Hey Guys,

I'm pretty new to containers, but need to use them for a project I'm doing.

I've figured out that I can use a map iterator to iterate through values stored in the map displaying the key, followed by the second value.

In my case, the key is anint and the second value is a nested vector of the form vector<vector<double> >.

My question is how would I go about using a the map iterator to display the contents of the second value? Would I need a for loop somewhere?

Here's the relevant code snippet.

        map<int, vector<vector<double> > >::iterator miter;

         for(miter = triangleMap.begin(); miter != triangleMap.end(); miter++)
            cout<<"\nSet "<<(*miter).first;//<<", holding "<<(*miter).second;

         //The part that is commented out above is what does not work.

Thanks in advance

Forget that you're dealing with miter->second for a moment. How would you display the contents of a vector? We know cout doesn't have an overloaded << operator for collections, so you're stuck with some variant of a loop. This comes immediately to mind:

for (auto it = v.begin(); it != v.end(); ++it)
    cout << *it << ' ';

Since this is a vector of vectors, you have a nested loop:

for (auto row = v.begin(); row != v.end(); ++row)
    for (auto col = row->begin(); col != row->end(); ++col)
        cout << *col << ' ';

    cout << '\n';

Now replace v with miter->second, as that's your reference to the mapped vector object.

The idea here is to start with something you understand, then add complexity until you have the final solution that you're looking for.

I'm using C++98, which doesn't allow me to use the auto. What could I use instead?

vector<vector<double> >::iterator and vector<double>::iterator, respectively for the nested loops. Just like you're doing with miter, which is why I didn't mention it...

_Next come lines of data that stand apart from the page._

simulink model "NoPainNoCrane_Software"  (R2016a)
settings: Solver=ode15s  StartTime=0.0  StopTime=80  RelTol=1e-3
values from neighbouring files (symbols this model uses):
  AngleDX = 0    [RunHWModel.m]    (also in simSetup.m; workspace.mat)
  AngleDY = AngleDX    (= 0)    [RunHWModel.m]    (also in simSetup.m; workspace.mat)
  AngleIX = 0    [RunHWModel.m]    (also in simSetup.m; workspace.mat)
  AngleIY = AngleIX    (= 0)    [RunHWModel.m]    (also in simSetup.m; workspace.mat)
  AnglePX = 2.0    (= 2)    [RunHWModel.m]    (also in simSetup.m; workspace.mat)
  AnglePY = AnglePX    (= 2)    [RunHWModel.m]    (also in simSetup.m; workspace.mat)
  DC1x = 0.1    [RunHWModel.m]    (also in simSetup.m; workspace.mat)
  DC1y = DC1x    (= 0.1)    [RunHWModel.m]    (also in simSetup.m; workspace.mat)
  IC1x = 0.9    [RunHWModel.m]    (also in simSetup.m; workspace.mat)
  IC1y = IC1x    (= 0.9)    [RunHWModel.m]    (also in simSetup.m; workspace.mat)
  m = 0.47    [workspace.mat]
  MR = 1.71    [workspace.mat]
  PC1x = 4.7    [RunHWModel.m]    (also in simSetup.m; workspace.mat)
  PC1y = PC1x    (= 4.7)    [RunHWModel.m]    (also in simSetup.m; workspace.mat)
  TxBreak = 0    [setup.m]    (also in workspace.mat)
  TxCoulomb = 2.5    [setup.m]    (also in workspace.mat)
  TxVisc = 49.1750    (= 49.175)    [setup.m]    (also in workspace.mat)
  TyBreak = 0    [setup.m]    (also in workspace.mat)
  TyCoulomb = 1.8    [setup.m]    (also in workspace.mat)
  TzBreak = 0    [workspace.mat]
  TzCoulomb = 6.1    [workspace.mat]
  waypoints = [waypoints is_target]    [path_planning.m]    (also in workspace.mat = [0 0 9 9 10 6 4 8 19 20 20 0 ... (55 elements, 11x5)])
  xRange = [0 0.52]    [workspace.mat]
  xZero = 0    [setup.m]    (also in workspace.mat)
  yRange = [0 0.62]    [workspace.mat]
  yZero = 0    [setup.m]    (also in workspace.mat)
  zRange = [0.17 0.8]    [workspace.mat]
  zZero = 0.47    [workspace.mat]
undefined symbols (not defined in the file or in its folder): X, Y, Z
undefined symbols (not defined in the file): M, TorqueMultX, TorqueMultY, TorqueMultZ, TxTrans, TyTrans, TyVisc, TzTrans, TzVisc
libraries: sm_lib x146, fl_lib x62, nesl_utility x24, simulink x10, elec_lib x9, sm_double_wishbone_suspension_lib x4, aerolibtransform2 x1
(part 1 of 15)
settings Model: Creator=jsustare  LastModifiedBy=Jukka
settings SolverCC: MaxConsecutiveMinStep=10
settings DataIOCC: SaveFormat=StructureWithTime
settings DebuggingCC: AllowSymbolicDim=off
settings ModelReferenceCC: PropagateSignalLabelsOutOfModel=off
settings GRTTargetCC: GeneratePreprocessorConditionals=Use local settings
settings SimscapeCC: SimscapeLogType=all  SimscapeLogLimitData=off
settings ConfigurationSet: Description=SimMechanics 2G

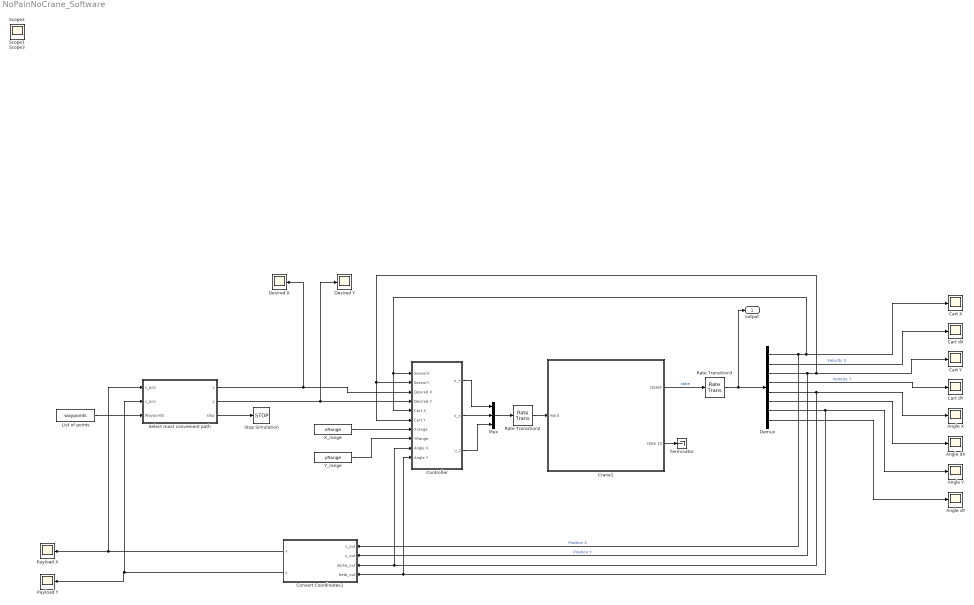
== system NoPainNoCrane_Software ==
  Angle X : Scope
  Angle Y : Scope
  Angle dX : Scope
  Angle dY : Scope
  Cart X : Scope
  Cart Y : Scope
  Cart dX : Scope
  Cart dY : Scope
  Controller : Subsystem
  Convert Coordinates1 : MATLAB Function  TreatAsAtomicUnit=on
  Crane1 : Subsystem  mask{penduMass=m, cartMass=M, MR=MR, xRange=xRange, yRange=yRange, zRange=zRange, xZero=xZero, yZero=yZero, zZero=zZero, TxBreak=TxBreak, TxCoulomb=TxCoulomb, TxVisc=TxVisc, TxTrans=TxTrans, TyBreak=TyBreak, TyCoulomb=TyCoulomb, TyVisc=TyVisc, TyTrans=TyTrans, TzBreak=TzBreak, TzCoulomb=TzCoulomb, TzVisc=TzVisc, TzTrans=TzTrans, Ux=TorqueMultX, Uy=TorqueMultY, Uz=TorqueMultZ}
      mask prompts: penduMass "Pendulum Mass (Kg)"; cartMass "Mass of the cart (Kg)"; MR "Mass of the rail (Kg)"; TxBreak "BreakAwayFriction"; TxCoulomb "Coulomb Friction"; TxVisc "Viscous friction"; TxTrans "Transition coeff"; TyBreak "BreakAwayFriction"; TyCoulomb "Coulomb Friction"; TyVisc "Viscous friction"; TyTrans "Transition coeff"; TzBreak "BreakAwayFriction"; TzCoulomb "Coulomb Friction"; TzVisc "Viscous friction"; TzTrans "Transition coeff"; Ux "Rail motor multiplier (X)"; Uy "Cart motor multiplier (Y)"; Uz "String motor multiplier (Z)"
      mask init:
      | %mass lowSat
      | penduMass=max(penduMass,1e-3);
      | cartMass=max(cartMass,1e-3);
      | MR=max(MR,1e-3);
      | 
      | %zeros saturated
      | xZero=max(xZero,xRange(1));
      | xZero=min(xZero,xRange(2));
      | 
      | yZero=max(yZero,yRange(1));
      | yZero=min(yZero,yRange(2));
      | 
      | zZero=max(zZero,zRange(1));
      | zZero=min(zZero,zRange(2));
      mask DialogControl DescGroupVar Prompt: 3D Crane Simscape model
      mask Display:
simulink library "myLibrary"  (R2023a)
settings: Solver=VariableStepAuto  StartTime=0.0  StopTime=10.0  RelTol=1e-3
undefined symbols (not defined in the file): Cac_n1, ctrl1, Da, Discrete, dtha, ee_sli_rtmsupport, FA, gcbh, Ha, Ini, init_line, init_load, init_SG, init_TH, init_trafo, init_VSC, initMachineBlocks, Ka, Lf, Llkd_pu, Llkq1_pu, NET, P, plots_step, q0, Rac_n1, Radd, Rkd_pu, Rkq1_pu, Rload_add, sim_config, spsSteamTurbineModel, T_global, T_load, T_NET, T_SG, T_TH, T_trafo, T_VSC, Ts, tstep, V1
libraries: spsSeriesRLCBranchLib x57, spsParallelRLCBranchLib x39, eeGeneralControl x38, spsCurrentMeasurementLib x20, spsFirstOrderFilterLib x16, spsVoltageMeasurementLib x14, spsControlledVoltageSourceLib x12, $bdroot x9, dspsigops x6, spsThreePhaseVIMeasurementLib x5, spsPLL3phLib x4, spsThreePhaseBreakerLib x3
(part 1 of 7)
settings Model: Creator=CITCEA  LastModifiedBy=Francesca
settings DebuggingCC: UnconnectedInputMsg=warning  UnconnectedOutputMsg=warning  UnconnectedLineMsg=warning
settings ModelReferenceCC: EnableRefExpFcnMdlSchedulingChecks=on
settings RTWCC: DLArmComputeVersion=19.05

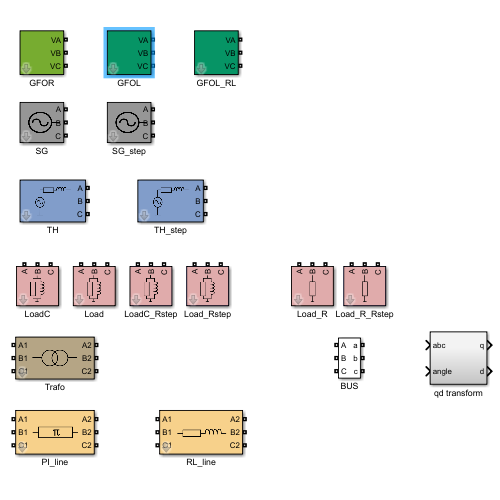
[thumbnail: Simulink's stored preview of the top-level diagram]
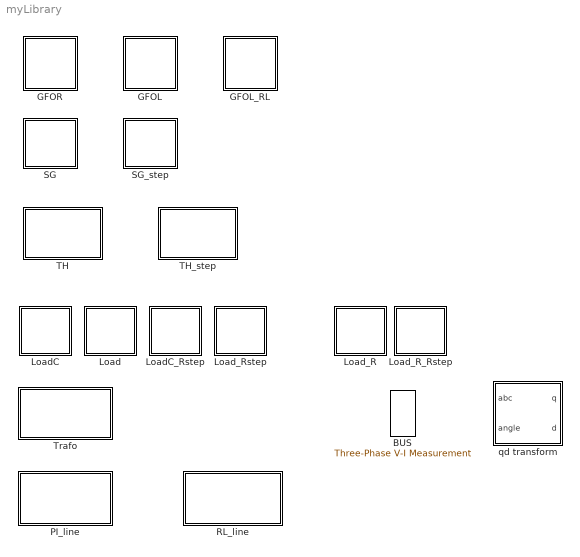
== system myLibrary ==
  BUS : spsThreePhaseVIMeasurementLib/Three-Phase V-I Measurement  VoltageMeasurement=phase-to-phase  SetLabelV=on  LabelV=V  Vpu=off  VpuLL=off  CurrentMeasurement=yes  SetLabelI=on  LabelI=I  Ipu=off  Pbase=100e6  Vbase=500e3  OutputType=Complex  PhasorSimulation=off  PSBequivalent=0
  GFOL : Subsystem  mask{T_VSC_global=T_VSC, initVSC_global=init_VSC, num=1}
      mask prompts: T_VSC_global "T_VSC"; initVSC_global "init_VSC"
      mask init:
      | T_VSC = T_VSC_global(num,:);
      | initVSC = initVSC_global{num};
      | 
      | set_param([gcb '/Control/Goto_w'],'GotoTag',['w_GFOL' num2str(num)])
      | set_param([gcb '/Control/From_w'],'GotoTag',['w_GFOL' num2str(num)])
  GFOL_RL : Subsystem  mask{T_VSC_global=T_VSC, initVSC_global=init_VSC, num=1}
      mask prompts: T_VSC_global "T_VSC"; initVSC_global "init_VSC"
      mask init:
      | T_VSC = T_VSC_global(num,:);
      | initVSC = initVSC_global{num};
      | 
      | set_param([gcb '/Control/Goto_w'],'GotoTag',['w_GFOL' num2str(num)])
      | set_param([gcb '/Control/From_w'],'GotoTag',['w_GFOL' num2str(num)])
  GFOR : Subsystem  mask{T_VSC_global=T_VSC, initVSC_global=init_VSC, num=1}
      mask prompts: T_VSC_global "T_VSC"; initVSC_global "init_VSC"
      mask init:
      | T_VSC = T_VSC_global(num,:);
      | initVSC = initVSC_global{num};
      | 
      | set_param([gcb '/Control/Goto_theta'],'GotoTag',['theta_GFOR' num2str(num)])
      | set_param([gcb '/Control/PLL/Goto_w'],'GotoTag',['w_GFOR' num2str(num)])
  Load : Subsystem  mask{T_load_global=T_load, initLoad_global=init_load, num=1}
      mask prompts: T_load_global "T_load"; initLoad_global "init_load"
      mask init:
      | T = T_load_global(num,:);
      | ini = initLoad_global{num};
      mask Display:
      | % Use specified image as mask icon
      | image('load.png')
  LoadC : Subsystem  mask{T_load_global=T_load, initLoad_global=init_load, num=1}
      mask prompts: T_load_global "T_load"; initLoad_global "init_load"
      mask init:
      | T = T_load_global(num,:);
      | ini = initLoad_global{num};
      mask Display:
      | % Use specified image as mask icon
      | image('load.png')
  LoadC_Rstep : Subsystem  mask{T_load_global=T_load, initLoad_global=init_load, num=1, tstep=tstep, Radd=Radd}
      mask prompts: T_load_global "T_load"; initLoad_global "init_load"
      mask init:
      | T = T_load_global(num,:);
      | ini = initLoad_global{num};
      mask Display:
      | % Use specified image as mask icon
      | image('load.png')
  Load_R : Subsystem  mask{T_load_global=T_load, num=1}
      mask prompts: T_load_global "T_load"
      mask init:
      | T = T_load_global(num,:);
      mask Display:
      | % Use specified image as mask icon
      | image('load_R.png')
  Load_R_Rstep : Subsystem  mask{T_load_global=T_load, num=1, tstep=tstep, Radd=Radd}
      mask prompts: T_load_global "T_load"
      mask init:
      | T = T_load_global(num,:);
      mask Display:
      | % Use specified image as mask icon
      | image('load_R.png')
  Load_Rstep : Subsystem  mask{T_load_global=T_load, initLoad_global=init_load, num=1, tstep=tstep, Radd=Radd}
      mask prompts: T_load_global "T_load"; initLoad_global "init_load"
      mask init:
      | T = T_load_global(num,:);
      | ini = initLoad_global{num};
      mask Display:
      | % Use specified image as mask icon
      | image('load.png')
  PI_line : Subsystem  mask{T_line_global=T_NET, initLine_global=init_line, num=1, set_C0=ones(1,6), set_iL0=0}
      mask prompts: T_line_global "T_line"; initLine_global "init_line"; set_C0 "init_cap"; set_iL0 "init_ind"
      mask init:
      | T = T_line_global(num,:);
      | ini = initLine_global{num};
      | set_C00 = set_C0(1,1);
      | set_C01 = set_C0(1,2);
      | set_C02 = set_C0(1,3);
      | set_C03 = set_C0(1,4);
      | set_C04 = set_C0(1,5);
      | set_C05 = set_C0(1,6);
      | set_param([gcb '/Series RLC Branch'],'Setx0',set_C00)
      | set_param([gcb '/Series RLC Branch1'],'Setx0',set_C01)
      | set_param([gcb '/Series RLC Branch2'],'Setx0',set_C02)
      | set_param([gcb '/Series RLC Branch3'],'Setx0',set_C03)
      | set_param([gcb '/Series RLC Branch4'],'Setx0',set_C04)
      | set_param([gcb '/Series RLC Branch5'],'Setx0',set_C05)
      | set_param([gcb '/Series RLC Branch6'],'SetiL0',set_iL0)
      mask Display:
      | % Use specified image as mask icon
      | image('PI.png')
  RL_line : Subsystem  mask{T_line_global=T_NET, initLine_global=init_line, num=1}
      mask prompts: T_line_global "T_line"; initLine_global "init_line"
      mask init:
      | T = T_line_global(num,:);
      | ini = initLine_global{num};
      mask Display:
      | % Use specified image as mask icon
      | image('RL.png')
  SG : Subsystem  mask{num=1, init_SG_global=init_SG, initMachineBlocks=initMachineBlocks, T_SG_global=T_SG}
      mask prompts: init_SG_global "init_SG"; initMachineBlocks "initMachine"; T_SG_global "T_SG"
      mask init:
      | initSG = init_SG_global{num};
      | T_SG = T_SG_global(num,:);
      | SGnum = num;
      | 
      | T_SG.exc = T_SG.exc{:};
      | T_SG.mech = T_SG.mech{:};
      | T_SG.PSS = T_SG.PSS{:};
      | 
      | 
      | switch T_SG.pss{:}
      |     case '2A'
      |         hasPSS = 1;
      |         set_param([gcb '/Exciter/PSS 2A'],'commented', 'off')
      |     case 'no'
      |         hasPSS = 0;
      |         set_param([gcb '/Exciter/PSS 2A'],'commented', 'on')
      | end
      | 
      | switch T_SG.govturb{:}
      |     case 'IEEEG1'
      |         selectGovturb= 1;
      |         set_param([gcb '/Governor-Turbine/IEEEG1'],'commented', 'off')
      |         set_param([gcb '/Governor-Turbine/Steam Turbine and Governor'],'commented', 'on')
      |     case 'TANDEM-SINGLE'
      |         selectGovturb= 2;
      |         T_SG.genType = 0;
      |         set_param([gcb '/Governor-Turbine/IEEEG1'],'commented', 'on')
      |         set_param([gcb '/Governor-Turbine/Steam Turbine and Governor'],'commented', 'off')
      |     case 'TANDEM-MULTI'
      |         selectGovturb= 2;
      |         T_SG.genType = 1;
      |         set_param([gcb '/Governor-Turbine/IEEEG1'],'commented', 'on')
      |         set_param([gcb '/Governor-Turbine/Steam Turbine and Governor'],'commented', 'off')
      |     case 'no'
      |         selectGovturb= 3;
      |         set_param([gcb '/Governor-Turbine/IEEEG1'],'commented', 'on')
      |         set_param([gcb '/Governor-Turbine/Steam Turbine and Governor'],'commented', 'on')
      | end
      | 
      | switch T_SG.exciter{:} 
      |     case 'AC4A'
      |         selectExciter = 1;
      |         set_param([gcb '/Exciter/Exciter AC4A'],'commented', 'off')
      |         set_param([gcb '/Exciter/Exciter ST4B'],'commented', 'on')
      |         set_param([gcb '/Exciter/Exciter ST1'],'commented', 'on')
      |     case 'ST4B'
      |         selectExciter = 2;
      |         set_param([gcb '/Exciter/Exciter AC4A'],'commented', 'on')
      |         set_param([gcb '/Exciter/Exciter ST4B'],'commented', 'off')
      |         set_param([gcb '/Exciter/Exciter ST1'],'commented', 'on')
      |     case 'ST1'
      |         selectExciter = 3;
      |         set_param([gcb '/Exciter/Exciter AC4A'],'commented', 'on')
      |         set_param([gcb '/Exciter/Exciter ST4B'],'commented', 'on')
      |         set_param([gcb '/Exciter/Exciter ST1'],'commented', 'off')
      |     case 'no'
      |         selectExciter = 4;
      |         set_param([gcb '/Exciter/Exciter AC4A'],'commented', 'on')
      |         set_param([gcb '/Exciter/Exciter ST4B'],'commented', 'on')
      |         set_param([gcb '/Exciter/Exciter ST1'],'commented', 'on')
      | end
      | 
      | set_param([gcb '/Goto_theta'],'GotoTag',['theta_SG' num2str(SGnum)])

I wasn't aware of it, I just received an error message saying to remove the auto keyword, but I wasn't sure what to replace it with, so I thought I would ask.

The auto keyword is compiler magic from C++11 that interprets the type of a variable from its initializer. It's not a dynamic type or anything, so as an example if you're using v.begin() as the initializer, auto will choose the type of the collection's non-const iterator (in this case vector<vector<double> >::iterator). Really the only difference is you don't have to manually use the type name or worry about changing any use of it if the if the type changes.

Oh okay. Thanks!

So I attempted using your code above following your instructions. It runs, but inexplicably crashes. I replaced the cout<<*col; with a counter variable cout<<i++; just to see what was happening and for some reason, it seems to be in an infinite loop - i just keeps increasing.

Any ideas?

Please post the whole of your relevant code. My guess would be the counter is being incremented incorrectly, or the condition of the loop doesn't check the counter the way it should.

I've just realised I grave mistake I've made...

Initially, I was intending to use a vector<vector<double> >, but I then realised that I actually only needed a vector<double>. I updated the relevant parts as required, but forgot to update this.

I'll resolve this firstly and attempt to work from this, using part of the nested loop you provided above.

I'll be sure to post again if I encounter any problems.

Thanks for all your help, really appreciate it.